DOKK / manpages / debian 11 / libtest-harness-perl / App::Prove.3pm.en
App::Prove(3pm) User Contributed Perl Documentation App::Prove(3pm)

App::Prove - Implements the "prove" command.

Version 3.42

Test::Harness provides a command, "prove", which runs a TAP based test suite and prints a report. The "prove" command is a minimal wrapper around an instance of this module.

    use App::Prove;
    my $app = App::Prove->new;
    $app->process_args(@ARGV);
    $app->run;

"new"

Create a new "App::Prove". Optionally a hash ref of attribute initializers may be passed.

"state_class"

Getter/setter for the name of the class used for maintaining state. This class should either subclass from "App::Prove::State" or provide an identical interface.

"state_manager"

Getter/setter for the instance of the "state_class".

"add_rc_file"

    $prove->add_rc_file('myproj/.proverc');

Called before "process_args" to prepend the contents of an rc file to the options.

"process_args"

    $prove->process_args(@args);

Processes the command-line arguments. Attributes will be set appropriately. Any filenames may be found in the "argv" attribute.

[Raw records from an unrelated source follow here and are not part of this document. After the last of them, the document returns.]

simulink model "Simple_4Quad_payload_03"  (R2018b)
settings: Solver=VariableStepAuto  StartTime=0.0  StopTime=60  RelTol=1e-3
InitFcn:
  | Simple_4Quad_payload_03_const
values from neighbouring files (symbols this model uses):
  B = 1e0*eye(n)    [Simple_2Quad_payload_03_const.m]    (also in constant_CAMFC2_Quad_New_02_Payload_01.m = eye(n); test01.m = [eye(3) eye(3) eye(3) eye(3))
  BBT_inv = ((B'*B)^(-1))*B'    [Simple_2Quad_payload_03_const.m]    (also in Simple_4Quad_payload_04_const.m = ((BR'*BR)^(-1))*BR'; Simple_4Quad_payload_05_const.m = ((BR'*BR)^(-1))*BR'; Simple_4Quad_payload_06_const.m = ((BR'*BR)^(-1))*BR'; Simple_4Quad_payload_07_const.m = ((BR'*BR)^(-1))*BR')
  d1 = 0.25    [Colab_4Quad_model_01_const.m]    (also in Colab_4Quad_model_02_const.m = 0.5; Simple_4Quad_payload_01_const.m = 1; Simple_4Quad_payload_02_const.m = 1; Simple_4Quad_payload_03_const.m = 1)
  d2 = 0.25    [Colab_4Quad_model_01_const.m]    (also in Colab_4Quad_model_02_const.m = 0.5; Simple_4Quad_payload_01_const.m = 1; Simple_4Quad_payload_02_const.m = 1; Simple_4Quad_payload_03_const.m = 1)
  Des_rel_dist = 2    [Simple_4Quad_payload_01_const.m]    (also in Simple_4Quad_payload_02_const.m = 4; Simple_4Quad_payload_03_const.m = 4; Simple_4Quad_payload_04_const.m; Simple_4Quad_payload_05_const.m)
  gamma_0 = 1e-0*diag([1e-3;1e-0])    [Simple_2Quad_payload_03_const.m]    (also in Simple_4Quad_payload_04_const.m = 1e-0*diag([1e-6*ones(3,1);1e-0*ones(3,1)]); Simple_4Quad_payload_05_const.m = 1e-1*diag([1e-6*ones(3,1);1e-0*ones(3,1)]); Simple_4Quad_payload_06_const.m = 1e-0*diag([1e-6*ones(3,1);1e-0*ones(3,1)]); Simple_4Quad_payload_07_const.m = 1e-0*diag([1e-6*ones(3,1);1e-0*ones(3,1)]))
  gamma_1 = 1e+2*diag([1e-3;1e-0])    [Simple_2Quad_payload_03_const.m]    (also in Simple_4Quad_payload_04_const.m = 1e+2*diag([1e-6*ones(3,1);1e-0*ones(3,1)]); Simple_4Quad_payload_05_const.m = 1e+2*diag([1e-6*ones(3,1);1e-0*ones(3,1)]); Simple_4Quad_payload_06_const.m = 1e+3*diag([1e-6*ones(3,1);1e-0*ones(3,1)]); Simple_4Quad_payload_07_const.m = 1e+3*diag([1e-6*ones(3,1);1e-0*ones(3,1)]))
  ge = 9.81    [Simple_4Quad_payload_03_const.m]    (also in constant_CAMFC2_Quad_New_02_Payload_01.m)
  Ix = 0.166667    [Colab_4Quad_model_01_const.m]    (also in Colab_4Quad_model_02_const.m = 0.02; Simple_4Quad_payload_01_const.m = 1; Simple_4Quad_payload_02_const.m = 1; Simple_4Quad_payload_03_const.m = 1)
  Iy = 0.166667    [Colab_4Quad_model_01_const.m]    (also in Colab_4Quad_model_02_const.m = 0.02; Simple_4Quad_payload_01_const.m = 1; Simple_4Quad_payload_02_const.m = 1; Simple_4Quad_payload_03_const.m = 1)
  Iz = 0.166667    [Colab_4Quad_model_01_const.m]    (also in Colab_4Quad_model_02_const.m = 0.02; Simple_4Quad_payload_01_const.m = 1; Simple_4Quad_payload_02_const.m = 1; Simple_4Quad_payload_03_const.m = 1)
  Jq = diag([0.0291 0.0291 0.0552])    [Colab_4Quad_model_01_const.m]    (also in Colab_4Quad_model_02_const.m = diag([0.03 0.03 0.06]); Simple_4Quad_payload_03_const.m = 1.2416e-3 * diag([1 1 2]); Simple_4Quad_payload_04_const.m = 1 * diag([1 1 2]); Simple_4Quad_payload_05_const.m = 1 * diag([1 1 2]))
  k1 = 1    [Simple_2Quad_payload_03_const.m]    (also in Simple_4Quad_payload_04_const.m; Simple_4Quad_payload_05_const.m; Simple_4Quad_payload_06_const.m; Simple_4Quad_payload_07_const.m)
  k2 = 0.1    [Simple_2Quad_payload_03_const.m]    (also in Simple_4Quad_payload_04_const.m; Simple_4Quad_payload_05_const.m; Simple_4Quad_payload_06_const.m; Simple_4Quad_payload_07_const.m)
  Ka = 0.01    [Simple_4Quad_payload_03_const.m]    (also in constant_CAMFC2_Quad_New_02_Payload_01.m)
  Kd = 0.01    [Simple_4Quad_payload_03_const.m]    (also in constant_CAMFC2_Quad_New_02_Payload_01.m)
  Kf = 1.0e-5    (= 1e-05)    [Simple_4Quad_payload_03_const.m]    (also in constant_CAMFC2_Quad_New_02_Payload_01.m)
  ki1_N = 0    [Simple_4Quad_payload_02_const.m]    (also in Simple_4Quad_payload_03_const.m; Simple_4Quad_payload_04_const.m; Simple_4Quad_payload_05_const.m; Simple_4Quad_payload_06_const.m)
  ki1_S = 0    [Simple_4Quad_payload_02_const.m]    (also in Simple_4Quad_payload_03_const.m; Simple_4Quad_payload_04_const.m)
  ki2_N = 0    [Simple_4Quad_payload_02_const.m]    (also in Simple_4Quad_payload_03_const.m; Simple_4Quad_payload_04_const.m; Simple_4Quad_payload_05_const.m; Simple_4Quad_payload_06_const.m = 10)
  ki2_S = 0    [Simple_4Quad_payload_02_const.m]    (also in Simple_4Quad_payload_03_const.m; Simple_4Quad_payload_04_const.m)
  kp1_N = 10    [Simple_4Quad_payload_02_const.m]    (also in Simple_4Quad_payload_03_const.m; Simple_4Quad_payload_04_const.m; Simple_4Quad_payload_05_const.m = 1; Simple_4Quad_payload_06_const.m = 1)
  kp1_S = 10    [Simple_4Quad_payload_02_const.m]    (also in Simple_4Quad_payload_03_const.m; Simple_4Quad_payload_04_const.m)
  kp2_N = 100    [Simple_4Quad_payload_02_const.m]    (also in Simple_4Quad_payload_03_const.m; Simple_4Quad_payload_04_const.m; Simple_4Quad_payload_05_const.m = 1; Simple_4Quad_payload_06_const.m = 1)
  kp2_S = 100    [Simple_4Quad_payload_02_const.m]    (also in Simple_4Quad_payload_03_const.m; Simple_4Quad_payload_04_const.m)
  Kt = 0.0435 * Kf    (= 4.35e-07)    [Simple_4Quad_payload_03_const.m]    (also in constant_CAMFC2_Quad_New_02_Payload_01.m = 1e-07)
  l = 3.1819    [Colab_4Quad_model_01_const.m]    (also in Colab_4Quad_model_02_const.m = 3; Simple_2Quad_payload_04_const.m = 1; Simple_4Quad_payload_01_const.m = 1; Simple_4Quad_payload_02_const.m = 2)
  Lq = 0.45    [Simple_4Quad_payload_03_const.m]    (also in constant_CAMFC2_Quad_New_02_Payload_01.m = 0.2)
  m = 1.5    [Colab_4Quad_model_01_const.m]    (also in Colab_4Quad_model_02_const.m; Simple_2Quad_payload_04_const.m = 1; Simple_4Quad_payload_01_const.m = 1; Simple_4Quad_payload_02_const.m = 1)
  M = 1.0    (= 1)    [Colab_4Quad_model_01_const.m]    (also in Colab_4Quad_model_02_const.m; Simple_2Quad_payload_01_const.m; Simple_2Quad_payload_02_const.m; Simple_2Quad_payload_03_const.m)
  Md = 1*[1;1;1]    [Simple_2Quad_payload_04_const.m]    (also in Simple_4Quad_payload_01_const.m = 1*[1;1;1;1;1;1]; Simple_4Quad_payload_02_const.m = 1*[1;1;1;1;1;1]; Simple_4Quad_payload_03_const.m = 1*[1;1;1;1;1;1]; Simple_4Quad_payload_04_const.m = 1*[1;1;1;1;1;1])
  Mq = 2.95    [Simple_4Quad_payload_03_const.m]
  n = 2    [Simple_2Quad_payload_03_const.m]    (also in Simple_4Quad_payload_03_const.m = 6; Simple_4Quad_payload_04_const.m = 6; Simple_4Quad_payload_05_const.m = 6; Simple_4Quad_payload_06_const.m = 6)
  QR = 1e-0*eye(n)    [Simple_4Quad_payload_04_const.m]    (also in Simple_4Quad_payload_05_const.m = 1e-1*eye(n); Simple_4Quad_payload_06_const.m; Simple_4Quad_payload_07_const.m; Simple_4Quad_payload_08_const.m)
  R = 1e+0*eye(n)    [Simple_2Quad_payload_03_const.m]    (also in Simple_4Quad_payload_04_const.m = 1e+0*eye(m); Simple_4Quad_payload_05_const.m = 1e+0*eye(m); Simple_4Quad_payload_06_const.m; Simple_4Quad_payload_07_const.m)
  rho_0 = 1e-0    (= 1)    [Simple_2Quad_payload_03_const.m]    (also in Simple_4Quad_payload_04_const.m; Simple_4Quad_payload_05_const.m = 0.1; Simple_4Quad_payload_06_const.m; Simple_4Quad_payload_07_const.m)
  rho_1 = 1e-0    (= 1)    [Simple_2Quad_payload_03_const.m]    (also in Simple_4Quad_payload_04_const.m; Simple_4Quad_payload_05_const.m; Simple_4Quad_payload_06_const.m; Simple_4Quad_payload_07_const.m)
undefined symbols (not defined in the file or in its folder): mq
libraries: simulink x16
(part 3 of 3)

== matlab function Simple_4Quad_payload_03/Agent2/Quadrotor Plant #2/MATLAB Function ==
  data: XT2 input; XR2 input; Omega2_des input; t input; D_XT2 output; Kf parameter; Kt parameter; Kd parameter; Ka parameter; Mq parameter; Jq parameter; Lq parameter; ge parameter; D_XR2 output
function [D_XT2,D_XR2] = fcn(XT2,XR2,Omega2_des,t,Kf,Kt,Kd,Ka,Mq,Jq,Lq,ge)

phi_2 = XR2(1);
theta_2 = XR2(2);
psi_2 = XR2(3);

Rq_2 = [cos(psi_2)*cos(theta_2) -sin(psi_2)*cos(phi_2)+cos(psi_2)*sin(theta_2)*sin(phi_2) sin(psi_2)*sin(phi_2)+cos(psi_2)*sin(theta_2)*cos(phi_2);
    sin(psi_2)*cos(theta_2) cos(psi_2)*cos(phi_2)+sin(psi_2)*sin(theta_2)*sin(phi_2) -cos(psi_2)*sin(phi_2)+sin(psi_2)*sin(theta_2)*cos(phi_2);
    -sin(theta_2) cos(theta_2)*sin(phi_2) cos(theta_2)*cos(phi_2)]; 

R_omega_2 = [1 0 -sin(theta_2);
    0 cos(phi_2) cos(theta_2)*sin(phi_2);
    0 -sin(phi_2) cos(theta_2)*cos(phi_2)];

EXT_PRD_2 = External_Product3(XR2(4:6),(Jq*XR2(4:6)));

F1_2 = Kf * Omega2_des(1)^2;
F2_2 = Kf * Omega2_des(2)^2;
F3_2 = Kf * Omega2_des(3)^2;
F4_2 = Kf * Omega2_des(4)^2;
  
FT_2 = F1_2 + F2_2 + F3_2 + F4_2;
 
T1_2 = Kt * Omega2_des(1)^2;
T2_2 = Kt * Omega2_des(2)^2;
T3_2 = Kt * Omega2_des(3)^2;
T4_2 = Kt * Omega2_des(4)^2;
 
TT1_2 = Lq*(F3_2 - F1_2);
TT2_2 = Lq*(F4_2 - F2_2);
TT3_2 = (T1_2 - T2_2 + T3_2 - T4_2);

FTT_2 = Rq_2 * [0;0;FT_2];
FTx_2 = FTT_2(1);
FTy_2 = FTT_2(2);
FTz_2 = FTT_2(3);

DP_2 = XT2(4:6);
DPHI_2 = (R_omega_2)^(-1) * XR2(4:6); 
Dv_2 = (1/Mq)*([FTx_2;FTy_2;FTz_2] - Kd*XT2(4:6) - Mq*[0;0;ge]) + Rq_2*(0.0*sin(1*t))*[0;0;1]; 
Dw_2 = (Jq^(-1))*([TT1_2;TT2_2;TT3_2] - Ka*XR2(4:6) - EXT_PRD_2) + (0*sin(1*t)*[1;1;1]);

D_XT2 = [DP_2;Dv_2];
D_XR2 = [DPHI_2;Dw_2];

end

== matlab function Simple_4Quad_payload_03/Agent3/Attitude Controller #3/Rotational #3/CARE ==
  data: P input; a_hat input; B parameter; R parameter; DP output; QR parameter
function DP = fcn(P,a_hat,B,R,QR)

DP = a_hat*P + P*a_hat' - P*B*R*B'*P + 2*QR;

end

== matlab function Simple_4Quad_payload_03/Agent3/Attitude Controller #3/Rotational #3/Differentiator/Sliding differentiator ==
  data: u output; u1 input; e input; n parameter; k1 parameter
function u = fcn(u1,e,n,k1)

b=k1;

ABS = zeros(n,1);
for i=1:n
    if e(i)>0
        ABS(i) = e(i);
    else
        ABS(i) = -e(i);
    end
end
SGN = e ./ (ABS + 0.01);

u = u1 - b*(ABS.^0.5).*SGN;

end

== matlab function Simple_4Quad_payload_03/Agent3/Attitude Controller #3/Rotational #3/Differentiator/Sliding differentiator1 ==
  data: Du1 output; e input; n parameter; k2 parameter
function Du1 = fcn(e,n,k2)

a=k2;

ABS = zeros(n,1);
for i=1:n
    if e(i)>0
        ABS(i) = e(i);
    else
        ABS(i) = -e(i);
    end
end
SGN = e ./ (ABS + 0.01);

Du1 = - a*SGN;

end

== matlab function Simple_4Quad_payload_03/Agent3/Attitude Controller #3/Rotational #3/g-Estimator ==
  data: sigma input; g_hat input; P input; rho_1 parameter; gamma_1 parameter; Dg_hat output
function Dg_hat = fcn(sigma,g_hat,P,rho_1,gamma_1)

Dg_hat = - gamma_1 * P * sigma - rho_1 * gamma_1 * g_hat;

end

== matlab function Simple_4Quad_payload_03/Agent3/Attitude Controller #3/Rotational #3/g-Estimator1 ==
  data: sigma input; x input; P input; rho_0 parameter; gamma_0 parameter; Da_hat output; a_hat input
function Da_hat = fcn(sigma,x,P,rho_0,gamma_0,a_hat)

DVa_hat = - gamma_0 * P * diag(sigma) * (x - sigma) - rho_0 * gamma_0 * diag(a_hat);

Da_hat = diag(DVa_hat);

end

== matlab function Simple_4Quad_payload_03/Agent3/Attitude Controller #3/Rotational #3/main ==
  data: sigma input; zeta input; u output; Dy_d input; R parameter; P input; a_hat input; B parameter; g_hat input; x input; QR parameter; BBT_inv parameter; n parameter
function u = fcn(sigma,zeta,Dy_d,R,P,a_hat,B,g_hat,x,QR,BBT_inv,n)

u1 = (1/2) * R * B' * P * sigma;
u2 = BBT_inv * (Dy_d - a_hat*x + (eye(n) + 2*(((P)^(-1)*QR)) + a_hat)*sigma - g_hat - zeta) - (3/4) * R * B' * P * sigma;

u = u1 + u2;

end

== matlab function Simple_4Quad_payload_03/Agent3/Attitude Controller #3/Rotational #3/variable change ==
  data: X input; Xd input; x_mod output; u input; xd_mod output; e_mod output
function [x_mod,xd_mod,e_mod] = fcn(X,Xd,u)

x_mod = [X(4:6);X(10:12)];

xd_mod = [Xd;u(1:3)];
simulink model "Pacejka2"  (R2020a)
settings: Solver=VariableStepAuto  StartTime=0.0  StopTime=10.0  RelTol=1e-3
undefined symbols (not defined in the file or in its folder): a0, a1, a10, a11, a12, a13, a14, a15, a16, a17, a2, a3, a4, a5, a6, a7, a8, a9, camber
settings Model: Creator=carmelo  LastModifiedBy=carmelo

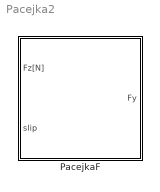
== system Pacejka2 ==
  PacejkaF : Subsystem

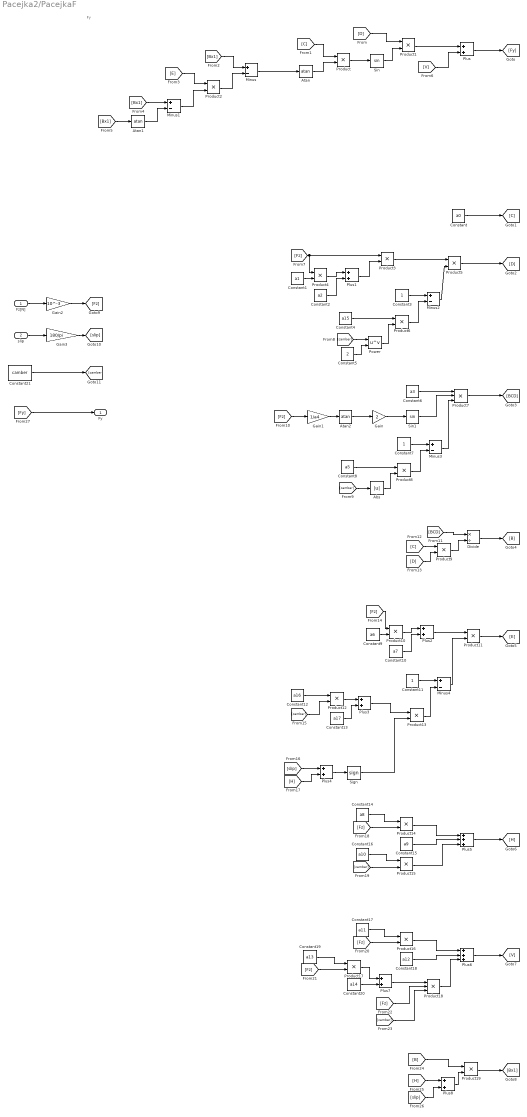
== system Pacejka2/PacejkaF ==
  note: Fy
  Fz[N] : Inport  Unit=N
  slip : Inport  Port=2  Unit=rad
  Abs : Abs
  Atan : Trigonometry  Operator=atan
  Atan1 : Trigonometry  Operator=atan
  Atan2 : Trigonometry  Operator=atan
  Constant : Constant  Value=a0
  Constant1 : Constant  Value=a1
  Constant10 : Constant  Value=a7
  Constant11 : Constant
  Constant12 : Constant  Value=a16
  Constant13 : Constant  Value=a17
  Constant14 : Constant  Value=a8
  Constant15 : Constant  Value=a9
  Constant16 : Constant  Value=a10
  Constant17 : Constant  Value=a11
  Constant18 : Constant  Value=a12
  Constant19 : Constant  Value=a13
  Constant2 : Constant  Value=a2
  Constant20 : Constant  Value=a14
  Constant21 : Constant  Value=camber
  Constant3 : Constant
  Constant4 : Constant  Value=a15
  Constant5 : Constant  Value=2
  Constant6 : Constant  Value=a3
  Constant7 : Constant
  Constant8 : Constant  Value=a5
  Constant9 : Constant  Value=a6
  Divide : Product  Inputs=*/
  Gain : Gain  Gain=2
  Gain1 : Gain  Gain=1/a4
  Gain2 : Gain  Gain=10^-3
  Gain3 : Gain  Gain=180/pi
  Minus{,1..4} (5 alike) : Sum  Inputs=+-
  Plus{,1..4,7..8} (7 alike) : Sum
  Plus5 : Sum  Inputs=+++
  Plus6 : Sum  Inputs=+++
  Power : Math  Operator=pow  SaturateOnIntegerOverflow=on
  Product{,1..6,8..17,19} (18 alike) : Product
  Product18 : Product  Inputs=3
  Product7 : Product  Inputs=3
  Sign : Signum  ZeroCross=off
  Sin : Trigonometry
  Sin1 : Trigonometry
  Fy : Outport  Unit=N
  wires:
  Product/1 -> Sin/1
  Product2/1 -> Minus/2
  slip/1 -> Gain3/1
  Product3/1 -> Product5/1
  Minus3/1 -> Product7/3
  Product15/1 -> Plus5/3
  Abs/1 -> Product8/2
  Constant14/1 -> Product14/1
  Gain2/1 -> [Fz]
  Constant/1 -> [C]
  Atan/1 -> Product/2
  [Fy] -> Fy/1
  Gain1/1 -> Atan2/1
  [B] -> Product19/1
  [Fz] -> Product14/2
  [Bx1] -> Minus/1
  [Fz] -> Product18/2
  Gain3/1 -> [slip]
  Gain/1 -> Sin1/1
  [Fz] -> Product10/1
  [slip] -> Plus8/2
  Plus6/1 -> [V]
  Plus2/1 -> Product11/1
  [D] -> Product1/1
  Plus5/1 -> [H]
  Minus4/1 -> Product11/2
  Minus/1 -> Atan/1
  Constant6/1 -> Product7/1
  [camber] -> Product12/2
  [V] -> Plus/2
  Product6/1 -> Minus2/2
  [C] -> Product/1
  Product19/1 -> [Bx1]
  Fz[N]/1 -> Gain2/1
  Constant21/1 -> [camber]
  Product16/1 -> Plus6/1
  Constant7/1 -> Minus3/1
  [Fz] -> Product17/2
  Product14/1 -> Plus5/1
  [BCD] -> Divide/1
  Constant20/1 -> Plus7/2
  Sin/1 -> Product1/2
  Sign/1 -> Product13/2
  Product7/1 -> [BCD]
  [camber] -> Abs/1
  Plus7/1 -> Product18/1
  Constant15/1 -> Plus5/2
  Product12/1 -> Plus3/1
  Constant18/1 -> Plus6/2
  Product11/1 -> [E]
  [Bx1] -> Minus1/1
  [Fz] -> Gain1/1
  Plus/1 -> [Fy]
  Divide/1 -> [B]
  Constant16/1 -> Product15/1
  [H] -> Plus8/1
  Atan2/1 -> Gain/1
  Plus3/1 -> Product13/1
  Constant17/1 -> Product16/1
  Product17/1 -> Plus7/1
  Plus1/1 -> Product3/2
  Product18/1 -> Plus6/3
  Constant13/1 -> Plus3/2
  Product10/1 -> Plus2/1
  Sin1/1 -> Product7/2
  [Fz] -> Product16/2
  [Bx1] -> Atan1/1
  Constant2/1 -> Plus1/2
  Constant3/1 -> Minus2/1
  [camber] -> Power/1
  [camber] -> Product18/3
  Minus1/1 -> Product2/2
  [C] -> Product9/1
  [camber] -> Product15/2
  [Fz] -> Product4/1, Product3/1
  Power/1 -> Product6/2
  Constant9/1 -> Product10/2
  [D] -> Product9/2
  Constant4/1 -> Product6/1
  Atan1/1 -> Minus1/2
  Constant19/1 -> Product17/1
  Product13/1 -> Minus4/2
  Product1/1 -> Plus/1
  Product4/1 -> Plus1/1
  Constant5/1 -> Power/2
  Product5/1 -> [D]
  Plus8/1 -> Product19/2
  Minus2/1 -> Product5/2
  [E] -> Product2/1
  Constant1/1 -> Product4/2
  Constant11/1 -> Minus4/1
  Constant10/1 -> Plus2/2
  Constant12/1 -> Product12/1
  Product8/1 -> Minus3/2
  Constant8/1 -> Product8/1
  Product9/1 -> Divide/2
  [H] -> Plus4/2
  Plus4/1 -> Sign/1
  [slip] -> Plus4/1

Dies on invalid arguments.

"run"

Perform whatever actions the command line args specified. The "prove" command line tool consists of the following code:

    use App::Prove;
    my $app = App::Prove->new;
    $app->process_args(@ARGV);
    exit( $app->run ? 0 : 1 );  # if you need the exit code

"require_harness"

Load a harness replacement class.

  $prove->require_harness($for => $class_name);

"print_version"

Display the version numbers of the loaded TAP::Harness and the current Perl.

After command line parsing the following attributes reflect the values of the corresponding command line switches. They may be altered before calling "run".

"archive"
"argv"
"backwards"
"blib"
"color"
"directives"
"dry"
"exec"
"extensions"
"failures"
"comments"
"formatter"
"harness"
"ignore_exit"
"includes"
"jobs"
"lib"
"merge"
"modules"
"parse"
"plugins"
"quiet"
"really_quiet"
"recurse"
"rules"
"show_count"
"show_help"
"show_man"
"show_version"
"shuffle"
"state"
"state_class"
"taint_fail"
"taint_warn"
"test_args"
"timer"
"verbose"
"warnings_fail"
"warnings_warn"
"tapversion"
"trap"

"App::Prove" provides support for 3rd-party plugins. These are currently loaded at run-time, after arguments have been parsed (so you can not change the way arguments are processed, sorry), typically with the "-Pplugin" switch, eg:

  prove -PMyPlugin

This will search for a module named "App::Prove::Plugin::MyPlugin", or failing that, "MyPlugin". If the plugin can't be found, "prove" will complain & exit.

You can pass an argument to your plugin by appending an "=" after the plugin name, eg "-PMyPlugin=foo". You can pass multiple arguments using commas:

  prove -PMyPlugin=foo,bar,baz

These are passed in to your plugin's "load()" class method (if it has one), along with a reference to the "App::Prove" object that is invoking your plugin:

  sub load {
      my ($class, $p) = @_;
      my @args = @{ $p->{args} };
      # @args will contain ( 'foo', 'bar', 'baz' )
      $p->{app_prove}->do_something;
      ...
  }

Note that the user's arguments are also passed to your plugin's "import()" function as a list, eg:

  sub import {
      my ($class, @args) = @_;
      # @args will contain ( 'foo', 'bar', 'baz' )
      ...
  }

This is for backwards compatibility, and may be deprecated in the future.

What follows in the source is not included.